Dataset entries: Begin
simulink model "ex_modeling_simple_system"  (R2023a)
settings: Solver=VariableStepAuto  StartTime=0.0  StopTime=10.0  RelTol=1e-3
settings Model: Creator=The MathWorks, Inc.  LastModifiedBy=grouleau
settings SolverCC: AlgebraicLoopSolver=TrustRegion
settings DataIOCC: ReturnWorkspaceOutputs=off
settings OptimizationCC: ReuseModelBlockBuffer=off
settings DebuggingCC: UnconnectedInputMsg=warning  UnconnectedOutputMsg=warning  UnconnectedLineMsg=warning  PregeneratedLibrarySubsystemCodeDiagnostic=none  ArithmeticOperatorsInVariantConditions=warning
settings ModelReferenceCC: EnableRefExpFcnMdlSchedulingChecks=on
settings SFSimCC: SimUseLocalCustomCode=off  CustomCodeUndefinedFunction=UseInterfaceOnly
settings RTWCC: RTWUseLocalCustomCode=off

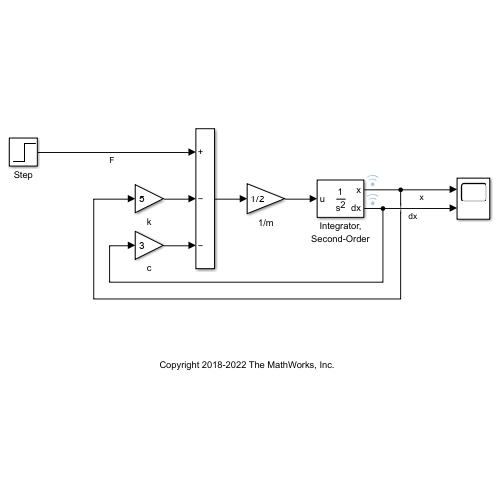
[thumbnail: Simulink's stored preview of the top-level diagram]
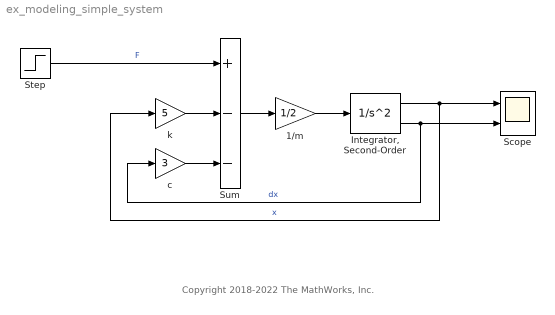
== system ex_modeling_simple_system ==
  note: Copyright 2018-2022 The MathWorks, Inc.
  1/m : Gain  Gain=1/2
  "Integrator, Second-Order" : SecondOrderIntegrator
  Scope : Scope  NumInputPorts=2
  Step : Step  SampleTime=0
  Sum : Sum  Inputs=+--
  c : Gain  Gain=3
  k : Gain  Gain=5
  wires:
  Step/1 -> Sum/1  "F"
  c/1 -> Sum/3
  k/1 -> Sum/2
  Sum/1 -> 1/m/1
  "Integrator, Second-Order"/2 -> c/1, Scope/2  "dx"
  "Integrator, Second-Order"/1 -> k/1, Scope/1  "x"
  1/m/1 -> "Integrator, Second-Order"/1
Dataset entries: End
What the task requires: If a line falls between the one containing "settings DataIOCC: ReturnWorkspaceOutputs=off" and the last line of the entries above, both included, reproduce it exactly; leave the pictures out.

Response area:
settings DataIOCC: ReturnWorkspaceOutputs=off
settings OptimizationCC: ReuseModelBlockBuffer=off
settings DebuggingCC: UnconnectedInputMsg=warning  UnconnectedOutputMsg=warning  UnconnectedLineMsg=warning  PregeneratedLibrarySubsystemCodeDiagnostic=none  ArithmeticOperatorsInVariantConditions=warning
settings ModelReferenceCC: EnableRefExpFcnMdlSchedulingChecks=on
settings SFSimCC: SimUseLocalCustomCode=off  CustomCodeUndefinedFunction=UseInterfaceOnly
settings RTWCC: RTWUseLocalCustomCode=off

[thumbnail: Simulink's stored preview of the top-level diagram]
== system ex_modeling_simple_system ==
  note: Copyright 2018-2022 The MathWorks, Inc.
  1/m : Gain  Gain=1/2
  "Integrator, Second-Order" : SecondOrderIntegrator
  Scope : Scope  NumInputPorts=2
  Step : Step  SampleTime=0
  Sum : Sum  Inputs=+--
  c : Gain  Gain=3
  k : Gain  Gain=5
  wires:
  Step/1 -> Sum/1  "F"
  c/1 -> Sum/3
  k/1 -> Sum/2
  Sum/1 -> 1/m/1
  "Integrator, Second-Order"/2 -> c/1, Scope/2  "dx"
  "Integrator, Second-Order"/1 -> k/1, Scope/1  "x"
  1/m/1 -> "Integrator, Second-Order"/1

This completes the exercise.